▽

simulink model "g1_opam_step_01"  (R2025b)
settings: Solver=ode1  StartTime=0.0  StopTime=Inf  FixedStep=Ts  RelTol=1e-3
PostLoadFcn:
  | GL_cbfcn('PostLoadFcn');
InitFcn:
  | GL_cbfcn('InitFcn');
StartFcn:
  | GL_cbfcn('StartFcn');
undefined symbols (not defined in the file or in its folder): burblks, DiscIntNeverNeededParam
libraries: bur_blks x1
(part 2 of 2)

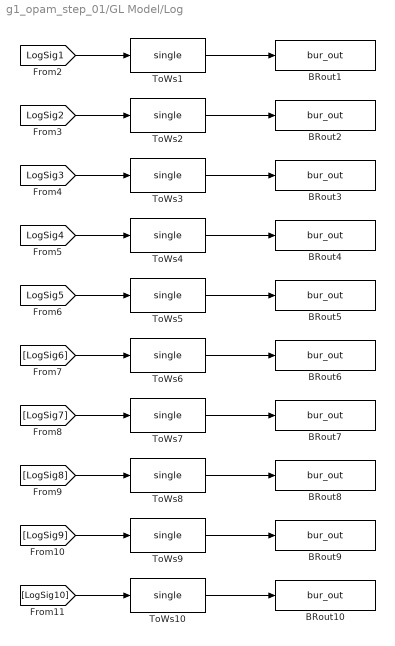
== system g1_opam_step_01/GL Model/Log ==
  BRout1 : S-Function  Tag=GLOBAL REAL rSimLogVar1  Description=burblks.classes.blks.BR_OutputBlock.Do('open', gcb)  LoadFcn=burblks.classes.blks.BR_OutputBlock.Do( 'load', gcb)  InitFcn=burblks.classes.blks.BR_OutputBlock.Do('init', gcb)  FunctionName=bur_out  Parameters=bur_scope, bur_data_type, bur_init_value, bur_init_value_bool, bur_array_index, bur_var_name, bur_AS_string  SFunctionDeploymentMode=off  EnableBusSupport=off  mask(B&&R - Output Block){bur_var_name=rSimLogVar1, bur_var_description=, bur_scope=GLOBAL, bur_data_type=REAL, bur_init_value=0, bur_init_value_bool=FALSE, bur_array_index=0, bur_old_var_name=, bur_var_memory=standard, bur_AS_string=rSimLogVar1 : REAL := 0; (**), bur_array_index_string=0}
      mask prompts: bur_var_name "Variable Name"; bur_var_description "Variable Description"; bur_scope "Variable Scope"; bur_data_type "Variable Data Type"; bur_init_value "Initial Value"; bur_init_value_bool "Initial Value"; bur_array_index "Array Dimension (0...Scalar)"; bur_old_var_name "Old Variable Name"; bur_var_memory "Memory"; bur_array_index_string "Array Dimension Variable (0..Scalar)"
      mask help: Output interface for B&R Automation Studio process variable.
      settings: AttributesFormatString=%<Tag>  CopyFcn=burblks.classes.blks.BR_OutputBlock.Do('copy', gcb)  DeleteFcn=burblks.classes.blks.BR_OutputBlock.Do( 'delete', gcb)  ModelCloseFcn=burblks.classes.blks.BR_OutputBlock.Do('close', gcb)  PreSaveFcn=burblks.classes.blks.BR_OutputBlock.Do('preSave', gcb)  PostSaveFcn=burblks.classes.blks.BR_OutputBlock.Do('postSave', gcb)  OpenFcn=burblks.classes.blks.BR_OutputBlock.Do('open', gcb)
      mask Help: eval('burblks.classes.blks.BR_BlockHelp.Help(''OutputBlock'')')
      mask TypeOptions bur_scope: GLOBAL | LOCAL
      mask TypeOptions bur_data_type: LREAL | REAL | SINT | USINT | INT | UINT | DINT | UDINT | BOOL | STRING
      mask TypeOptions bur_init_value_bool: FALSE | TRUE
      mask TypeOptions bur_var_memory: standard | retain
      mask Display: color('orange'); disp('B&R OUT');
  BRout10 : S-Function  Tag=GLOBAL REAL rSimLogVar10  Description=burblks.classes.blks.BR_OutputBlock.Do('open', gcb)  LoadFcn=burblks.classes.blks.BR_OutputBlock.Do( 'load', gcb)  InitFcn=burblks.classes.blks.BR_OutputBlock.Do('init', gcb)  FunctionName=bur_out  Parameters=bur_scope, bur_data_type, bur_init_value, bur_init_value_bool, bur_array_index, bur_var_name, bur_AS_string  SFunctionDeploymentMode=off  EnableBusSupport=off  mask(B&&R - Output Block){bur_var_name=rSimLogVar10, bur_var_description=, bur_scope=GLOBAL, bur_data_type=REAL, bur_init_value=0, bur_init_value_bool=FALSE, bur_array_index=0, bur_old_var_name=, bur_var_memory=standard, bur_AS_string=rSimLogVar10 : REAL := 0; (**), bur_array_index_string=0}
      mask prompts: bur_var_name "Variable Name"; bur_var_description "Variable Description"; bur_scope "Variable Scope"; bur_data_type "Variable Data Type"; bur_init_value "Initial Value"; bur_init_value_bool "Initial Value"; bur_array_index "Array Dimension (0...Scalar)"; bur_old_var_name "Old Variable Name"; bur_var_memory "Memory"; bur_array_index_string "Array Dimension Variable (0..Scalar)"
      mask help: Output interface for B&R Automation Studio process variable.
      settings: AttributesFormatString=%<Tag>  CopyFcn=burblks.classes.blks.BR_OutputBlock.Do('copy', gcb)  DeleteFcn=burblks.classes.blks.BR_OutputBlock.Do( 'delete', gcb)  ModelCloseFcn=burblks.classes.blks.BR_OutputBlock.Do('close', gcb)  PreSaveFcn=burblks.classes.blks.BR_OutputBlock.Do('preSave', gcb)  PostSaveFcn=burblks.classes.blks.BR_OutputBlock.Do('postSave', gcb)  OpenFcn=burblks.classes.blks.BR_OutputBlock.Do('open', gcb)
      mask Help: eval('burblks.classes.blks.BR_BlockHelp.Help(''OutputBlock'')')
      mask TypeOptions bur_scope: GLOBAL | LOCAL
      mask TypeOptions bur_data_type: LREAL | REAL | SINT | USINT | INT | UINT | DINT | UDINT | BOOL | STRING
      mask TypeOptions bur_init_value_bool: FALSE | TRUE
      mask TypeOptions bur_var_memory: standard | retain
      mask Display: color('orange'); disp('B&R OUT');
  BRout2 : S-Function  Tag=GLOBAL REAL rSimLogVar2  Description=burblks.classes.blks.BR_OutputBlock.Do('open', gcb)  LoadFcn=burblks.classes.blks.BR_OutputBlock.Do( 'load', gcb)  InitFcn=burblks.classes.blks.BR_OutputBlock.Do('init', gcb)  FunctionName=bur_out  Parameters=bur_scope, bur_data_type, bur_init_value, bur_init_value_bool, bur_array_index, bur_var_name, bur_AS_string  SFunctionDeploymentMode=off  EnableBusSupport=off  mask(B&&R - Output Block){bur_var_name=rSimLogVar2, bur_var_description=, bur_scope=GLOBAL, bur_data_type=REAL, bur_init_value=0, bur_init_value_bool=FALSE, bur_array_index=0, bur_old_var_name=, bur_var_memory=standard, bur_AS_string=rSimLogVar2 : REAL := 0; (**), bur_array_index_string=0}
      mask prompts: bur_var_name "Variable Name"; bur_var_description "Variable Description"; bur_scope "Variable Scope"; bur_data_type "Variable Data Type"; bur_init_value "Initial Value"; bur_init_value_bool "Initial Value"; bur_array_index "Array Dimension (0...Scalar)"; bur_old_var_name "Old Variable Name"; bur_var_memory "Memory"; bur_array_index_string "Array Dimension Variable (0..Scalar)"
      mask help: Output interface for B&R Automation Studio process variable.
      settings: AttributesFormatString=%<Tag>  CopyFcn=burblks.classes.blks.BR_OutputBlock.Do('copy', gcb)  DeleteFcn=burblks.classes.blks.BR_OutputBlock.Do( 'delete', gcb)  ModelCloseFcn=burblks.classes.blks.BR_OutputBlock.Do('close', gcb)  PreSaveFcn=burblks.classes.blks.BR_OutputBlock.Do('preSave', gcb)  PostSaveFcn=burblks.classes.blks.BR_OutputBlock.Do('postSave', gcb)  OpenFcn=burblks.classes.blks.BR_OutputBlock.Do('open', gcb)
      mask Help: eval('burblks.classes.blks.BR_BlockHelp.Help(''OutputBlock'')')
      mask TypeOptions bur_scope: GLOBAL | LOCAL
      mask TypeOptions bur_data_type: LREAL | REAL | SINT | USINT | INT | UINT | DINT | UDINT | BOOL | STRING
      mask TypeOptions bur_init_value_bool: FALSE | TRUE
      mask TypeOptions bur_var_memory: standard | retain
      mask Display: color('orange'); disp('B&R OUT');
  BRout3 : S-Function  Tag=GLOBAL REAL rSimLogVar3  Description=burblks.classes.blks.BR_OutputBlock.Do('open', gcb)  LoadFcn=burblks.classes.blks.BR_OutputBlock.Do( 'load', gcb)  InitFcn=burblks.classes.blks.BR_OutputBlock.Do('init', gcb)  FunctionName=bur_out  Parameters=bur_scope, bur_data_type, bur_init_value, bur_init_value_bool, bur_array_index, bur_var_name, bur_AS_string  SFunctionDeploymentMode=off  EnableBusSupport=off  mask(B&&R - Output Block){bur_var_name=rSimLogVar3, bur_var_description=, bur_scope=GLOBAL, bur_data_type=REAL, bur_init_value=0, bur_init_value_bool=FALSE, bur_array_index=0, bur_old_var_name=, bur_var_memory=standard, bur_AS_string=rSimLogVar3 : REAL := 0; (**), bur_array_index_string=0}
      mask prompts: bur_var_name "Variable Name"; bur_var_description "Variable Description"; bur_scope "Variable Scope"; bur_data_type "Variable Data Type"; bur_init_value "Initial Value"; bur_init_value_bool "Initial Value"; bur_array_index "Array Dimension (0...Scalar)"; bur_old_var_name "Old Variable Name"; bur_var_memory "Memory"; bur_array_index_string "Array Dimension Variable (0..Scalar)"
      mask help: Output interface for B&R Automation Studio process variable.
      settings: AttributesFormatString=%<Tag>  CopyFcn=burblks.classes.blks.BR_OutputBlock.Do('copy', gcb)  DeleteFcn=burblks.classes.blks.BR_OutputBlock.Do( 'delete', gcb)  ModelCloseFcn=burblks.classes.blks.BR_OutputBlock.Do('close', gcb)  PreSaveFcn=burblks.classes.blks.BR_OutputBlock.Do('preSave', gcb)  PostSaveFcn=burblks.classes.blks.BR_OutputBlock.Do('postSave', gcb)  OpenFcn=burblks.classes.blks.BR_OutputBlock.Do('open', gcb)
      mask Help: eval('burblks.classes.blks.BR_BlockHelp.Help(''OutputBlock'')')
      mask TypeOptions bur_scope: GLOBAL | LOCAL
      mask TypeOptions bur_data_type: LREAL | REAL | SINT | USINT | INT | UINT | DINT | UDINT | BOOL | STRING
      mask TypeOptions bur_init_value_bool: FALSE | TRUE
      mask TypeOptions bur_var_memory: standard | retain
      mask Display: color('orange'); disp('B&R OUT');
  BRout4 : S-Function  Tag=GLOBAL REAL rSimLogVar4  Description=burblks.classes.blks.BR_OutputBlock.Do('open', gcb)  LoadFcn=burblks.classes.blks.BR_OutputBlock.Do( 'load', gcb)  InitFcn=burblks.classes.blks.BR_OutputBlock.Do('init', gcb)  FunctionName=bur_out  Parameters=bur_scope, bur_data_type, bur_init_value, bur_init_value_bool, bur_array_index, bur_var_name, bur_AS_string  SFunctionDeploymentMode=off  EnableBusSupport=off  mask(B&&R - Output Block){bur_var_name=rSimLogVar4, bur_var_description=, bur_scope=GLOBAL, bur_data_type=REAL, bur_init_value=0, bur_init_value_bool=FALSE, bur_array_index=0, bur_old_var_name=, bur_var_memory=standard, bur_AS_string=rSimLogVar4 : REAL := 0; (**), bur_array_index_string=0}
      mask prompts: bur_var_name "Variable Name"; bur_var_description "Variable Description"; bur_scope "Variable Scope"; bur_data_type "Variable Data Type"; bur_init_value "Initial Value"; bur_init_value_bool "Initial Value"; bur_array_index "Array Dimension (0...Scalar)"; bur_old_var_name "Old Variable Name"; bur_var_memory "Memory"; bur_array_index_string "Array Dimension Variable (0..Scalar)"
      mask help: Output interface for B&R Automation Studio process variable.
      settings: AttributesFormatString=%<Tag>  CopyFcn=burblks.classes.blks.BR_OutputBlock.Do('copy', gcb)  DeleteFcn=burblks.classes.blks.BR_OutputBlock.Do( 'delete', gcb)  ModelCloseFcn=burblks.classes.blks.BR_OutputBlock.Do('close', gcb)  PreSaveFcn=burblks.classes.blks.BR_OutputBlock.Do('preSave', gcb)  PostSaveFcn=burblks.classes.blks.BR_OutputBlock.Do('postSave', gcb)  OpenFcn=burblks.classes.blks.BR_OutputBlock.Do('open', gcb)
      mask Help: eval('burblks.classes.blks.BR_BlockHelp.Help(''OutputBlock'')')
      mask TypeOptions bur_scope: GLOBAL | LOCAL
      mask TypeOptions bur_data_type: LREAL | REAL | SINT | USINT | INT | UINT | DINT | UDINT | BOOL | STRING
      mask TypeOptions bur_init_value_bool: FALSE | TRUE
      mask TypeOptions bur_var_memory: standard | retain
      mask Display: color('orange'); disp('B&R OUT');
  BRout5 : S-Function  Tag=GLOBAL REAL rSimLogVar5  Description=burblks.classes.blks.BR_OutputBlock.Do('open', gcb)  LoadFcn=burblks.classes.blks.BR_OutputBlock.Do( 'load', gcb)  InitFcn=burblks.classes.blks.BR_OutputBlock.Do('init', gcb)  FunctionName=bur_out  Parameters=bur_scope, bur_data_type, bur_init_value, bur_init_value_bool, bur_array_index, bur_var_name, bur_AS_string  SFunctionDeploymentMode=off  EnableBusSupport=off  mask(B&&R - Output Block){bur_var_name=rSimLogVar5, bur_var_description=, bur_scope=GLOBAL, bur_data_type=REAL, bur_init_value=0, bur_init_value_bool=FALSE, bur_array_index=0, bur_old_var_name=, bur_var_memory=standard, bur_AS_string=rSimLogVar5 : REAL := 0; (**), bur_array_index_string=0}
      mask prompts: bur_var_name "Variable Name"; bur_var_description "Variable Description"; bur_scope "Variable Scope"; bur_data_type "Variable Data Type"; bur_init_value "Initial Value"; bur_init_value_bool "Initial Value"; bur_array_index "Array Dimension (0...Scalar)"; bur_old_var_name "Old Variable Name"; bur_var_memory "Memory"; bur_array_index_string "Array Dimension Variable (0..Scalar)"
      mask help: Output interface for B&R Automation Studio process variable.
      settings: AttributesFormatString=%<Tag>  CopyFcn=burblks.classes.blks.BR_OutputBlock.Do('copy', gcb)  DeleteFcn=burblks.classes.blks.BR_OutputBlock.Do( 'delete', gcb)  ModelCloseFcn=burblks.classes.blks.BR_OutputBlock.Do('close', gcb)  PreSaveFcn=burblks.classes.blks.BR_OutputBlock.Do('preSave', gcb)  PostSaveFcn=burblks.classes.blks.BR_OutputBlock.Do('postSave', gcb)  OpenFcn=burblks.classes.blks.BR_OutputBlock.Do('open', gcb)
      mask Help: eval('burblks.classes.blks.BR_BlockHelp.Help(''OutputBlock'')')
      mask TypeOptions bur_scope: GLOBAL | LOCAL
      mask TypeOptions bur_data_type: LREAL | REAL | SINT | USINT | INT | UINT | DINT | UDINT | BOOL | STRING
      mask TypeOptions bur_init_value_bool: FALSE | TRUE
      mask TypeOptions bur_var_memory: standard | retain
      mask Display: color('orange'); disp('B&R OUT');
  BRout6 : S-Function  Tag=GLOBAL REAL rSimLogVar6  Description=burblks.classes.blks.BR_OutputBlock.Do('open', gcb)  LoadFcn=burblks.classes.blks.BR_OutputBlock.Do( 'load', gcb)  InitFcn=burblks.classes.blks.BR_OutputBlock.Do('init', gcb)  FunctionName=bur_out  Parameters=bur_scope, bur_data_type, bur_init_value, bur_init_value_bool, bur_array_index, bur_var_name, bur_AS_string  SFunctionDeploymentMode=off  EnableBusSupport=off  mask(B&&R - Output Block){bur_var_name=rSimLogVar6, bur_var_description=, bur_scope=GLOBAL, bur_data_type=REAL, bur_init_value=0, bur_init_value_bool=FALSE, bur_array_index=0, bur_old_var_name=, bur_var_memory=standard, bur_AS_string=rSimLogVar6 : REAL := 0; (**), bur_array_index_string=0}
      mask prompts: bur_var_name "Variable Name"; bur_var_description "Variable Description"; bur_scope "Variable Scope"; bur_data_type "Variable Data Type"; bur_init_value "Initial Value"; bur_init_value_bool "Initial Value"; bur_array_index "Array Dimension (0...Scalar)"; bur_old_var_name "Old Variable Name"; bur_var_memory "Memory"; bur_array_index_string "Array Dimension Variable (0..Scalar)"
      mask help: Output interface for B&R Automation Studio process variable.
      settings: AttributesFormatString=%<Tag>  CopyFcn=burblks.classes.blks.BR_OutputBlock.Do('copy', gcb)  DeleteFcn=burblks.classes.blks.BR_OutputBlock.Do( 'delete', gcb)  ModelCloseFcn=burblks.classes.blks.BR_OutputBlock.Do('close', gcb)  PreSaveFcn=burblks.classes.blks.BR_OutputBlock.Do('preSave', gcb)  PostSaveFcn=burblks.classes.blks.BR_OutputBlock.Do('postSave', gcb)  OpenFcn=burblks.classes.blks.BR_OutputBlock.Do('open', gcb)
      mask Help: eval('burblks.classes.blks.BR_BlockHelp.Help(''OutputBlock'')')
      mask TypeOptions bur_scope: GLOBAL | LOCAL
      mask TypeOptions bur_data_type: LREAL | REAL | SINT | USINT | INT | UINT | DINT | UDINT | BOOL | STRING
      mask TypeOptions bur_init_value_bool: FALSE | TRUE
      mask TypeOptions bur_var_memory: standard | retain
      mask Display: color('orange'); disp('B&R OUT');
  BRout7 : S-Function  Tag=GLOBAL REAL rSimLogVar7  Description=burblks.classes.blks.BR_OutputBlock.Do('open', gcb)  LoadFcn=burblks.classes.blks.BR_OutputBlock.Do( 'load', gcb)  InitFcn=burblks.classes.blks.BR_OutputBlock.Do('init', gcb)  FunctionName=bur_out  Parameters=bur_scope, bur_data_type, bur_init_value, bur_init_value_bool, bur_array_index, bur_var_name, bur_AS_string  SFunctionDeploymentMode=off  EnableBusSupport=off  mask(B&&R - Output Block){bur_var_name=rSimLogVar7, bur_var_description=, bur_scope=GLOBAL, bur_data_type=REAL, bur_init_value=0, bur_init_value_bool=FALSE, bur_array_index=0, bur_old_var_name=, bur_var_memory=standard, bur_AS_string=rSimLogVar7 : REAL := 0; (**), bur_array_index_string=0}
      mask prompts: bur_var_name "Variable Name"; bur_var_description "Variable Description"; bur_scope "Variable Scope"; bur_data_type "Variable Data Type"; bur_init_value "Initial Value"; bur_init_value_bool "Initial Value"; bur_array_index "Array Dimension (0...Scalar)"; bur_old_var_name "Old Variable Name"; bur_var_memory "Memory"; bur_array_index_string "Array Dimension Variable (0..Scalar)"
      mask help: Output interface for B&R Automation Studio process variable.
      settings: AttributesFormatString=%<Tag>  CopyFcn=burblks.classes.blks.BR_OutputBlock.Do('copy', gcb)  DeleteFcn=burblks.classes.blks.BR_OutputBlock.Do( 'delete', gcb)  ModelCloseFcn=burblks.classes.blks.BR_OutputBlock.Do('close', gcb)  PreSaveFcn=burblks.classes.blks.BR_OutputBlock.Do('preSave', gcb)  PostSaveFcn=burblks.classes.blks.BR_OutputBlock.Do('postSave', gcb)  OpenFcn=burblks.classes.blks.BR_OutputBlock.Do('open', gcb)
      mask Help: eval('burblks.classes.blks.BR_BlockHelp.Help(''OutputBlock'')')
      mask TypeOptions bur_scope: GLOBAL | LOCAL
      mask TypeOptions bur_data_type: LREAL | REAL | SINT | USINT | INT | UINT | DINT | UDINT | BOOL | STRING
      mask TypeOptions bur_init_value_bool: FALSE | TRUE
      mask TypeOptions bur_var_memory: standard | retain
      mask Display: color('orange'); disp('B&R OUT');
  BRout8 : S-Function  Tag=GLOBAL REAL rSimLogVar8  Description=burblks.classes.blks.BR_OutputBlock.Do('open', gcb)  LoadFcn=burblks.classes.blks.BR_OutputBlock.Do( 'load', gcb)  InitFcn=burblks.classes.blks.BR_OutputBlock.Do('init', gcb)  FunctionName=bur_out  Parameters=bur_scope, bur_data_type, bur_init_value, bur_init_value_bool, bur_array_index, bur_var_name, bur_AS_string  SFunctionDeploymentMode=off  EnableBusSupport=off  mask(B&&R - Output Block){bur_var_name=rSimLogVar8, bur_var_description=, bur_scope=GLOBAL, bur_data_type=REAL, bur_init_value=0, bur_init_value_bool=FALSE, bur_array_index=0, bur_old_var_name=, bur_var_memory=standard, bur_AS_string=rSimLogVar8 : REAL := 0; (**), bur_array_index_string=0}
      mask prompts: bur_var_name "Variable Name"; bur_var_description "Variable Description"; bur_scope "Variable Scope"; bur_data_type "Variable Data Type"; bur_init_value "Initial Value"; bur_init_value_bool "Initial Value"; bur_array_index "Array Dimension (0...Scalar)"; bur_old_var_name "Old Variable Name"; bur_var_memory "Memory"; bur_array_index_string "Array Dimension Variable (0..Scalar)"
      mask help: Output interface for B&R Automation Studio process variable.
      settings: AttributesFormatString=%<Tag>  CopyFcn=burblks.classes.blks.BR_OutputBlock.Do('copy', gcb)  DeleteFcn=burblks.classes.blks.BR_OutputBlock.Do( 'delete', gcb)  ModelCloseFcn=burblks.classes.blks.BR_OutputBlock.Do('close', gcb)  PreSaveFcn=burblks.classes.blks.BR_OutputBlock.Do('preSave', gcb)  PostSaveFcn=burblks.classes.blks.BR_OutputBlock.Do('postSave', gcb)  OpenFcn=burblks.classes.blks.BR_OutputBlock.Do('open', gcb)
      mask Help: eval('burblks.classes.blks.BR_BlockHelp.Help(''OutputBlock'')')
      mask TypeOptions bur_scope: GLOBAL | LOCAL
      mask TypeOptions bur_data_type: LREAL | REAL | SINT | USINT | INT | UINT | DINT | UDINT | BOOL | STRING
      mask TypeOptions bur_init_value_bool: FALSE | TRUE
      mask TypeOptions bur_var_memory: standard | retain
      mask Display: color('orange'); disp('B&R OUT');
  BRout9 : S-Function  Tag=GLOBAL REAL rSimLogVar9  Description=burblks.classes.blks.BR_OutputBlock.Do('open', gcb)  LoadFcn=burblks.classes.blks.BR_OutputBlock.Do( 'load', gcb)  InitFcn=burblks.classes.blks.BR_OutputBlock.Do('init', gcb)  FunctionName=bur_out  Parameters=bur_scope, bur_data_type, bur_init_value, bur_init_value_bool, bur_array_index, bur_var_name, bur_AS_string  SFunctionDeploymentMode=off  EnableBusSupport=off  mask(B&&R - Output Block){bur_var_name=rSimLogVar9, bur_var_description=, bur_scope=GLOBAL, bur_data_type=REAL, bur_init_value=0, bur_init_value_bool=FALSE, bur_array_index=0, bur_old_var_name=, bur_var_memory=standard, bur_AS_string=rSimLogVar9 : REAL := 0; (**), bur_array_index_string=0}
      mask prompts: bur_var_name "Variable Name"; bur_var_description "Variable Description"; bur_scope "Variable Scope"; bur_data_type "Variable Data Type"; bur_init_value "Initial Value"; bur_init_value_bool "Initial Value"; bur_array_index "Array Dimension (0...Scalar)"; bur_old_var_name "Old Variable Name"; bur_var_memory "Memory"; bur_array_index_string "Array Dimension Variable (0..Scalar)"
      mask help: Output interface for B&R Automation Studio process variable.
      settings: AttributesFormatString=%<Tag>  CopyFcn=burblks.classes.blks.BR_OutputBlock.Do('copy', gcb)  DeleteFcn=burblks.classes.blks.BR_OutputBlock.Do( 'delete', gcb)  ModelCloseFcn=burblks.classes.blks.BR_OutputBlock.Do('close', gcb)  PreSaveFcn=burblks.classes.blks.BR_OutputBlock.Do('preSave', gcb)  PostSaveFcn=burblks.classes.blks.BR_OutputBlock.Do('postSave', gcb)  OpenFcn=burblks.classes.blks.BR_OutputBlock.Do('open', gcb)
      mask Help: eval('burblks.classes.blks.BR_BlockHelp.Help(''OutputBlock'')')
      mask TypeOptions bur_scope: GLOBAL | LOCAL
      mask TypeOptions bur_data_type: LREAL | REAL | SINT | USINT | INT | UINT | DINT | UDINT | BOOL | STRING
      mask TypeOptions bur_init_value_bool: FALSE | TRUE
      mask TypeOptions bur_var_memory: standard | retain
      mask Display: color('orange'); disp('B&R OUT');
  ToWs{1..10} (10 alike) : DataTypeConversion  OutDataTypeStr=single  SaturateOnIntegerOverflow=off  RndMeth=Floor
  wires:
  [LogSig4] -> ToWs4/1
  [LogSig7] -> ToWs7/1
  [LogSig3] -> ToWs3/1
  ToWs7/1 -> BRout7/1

△

▶ _TASK REQUIREMENTS_: The required result is the entries above, printed exactly from the first line through the line with "system g1_opam_step_01/GL Model/Log", pictures excluded.

▶ _EXERCISE ANSWER_:
simulink model "g1_opam_step_01"  (R2025b)
settings: Solver=ode1  StartTime=0.0  StopTime=Inf  FixedStep=Ts  RelTol=1e-3
PostLoadFcn:
  | GL_cbfcn('PostLoadFcn');
InitFcn:
  | GL_cbfcn('InitFcn');
StartFcn:
  | GL_cbfcn('StartFcn');
undefined symbols (not defined in the file or in its folder): burblks, DiscIntNeverNeededParam
libraries: bur_blks x1
(part 2 of 2)

== system g1_opam_step_01/GL Model/Log ==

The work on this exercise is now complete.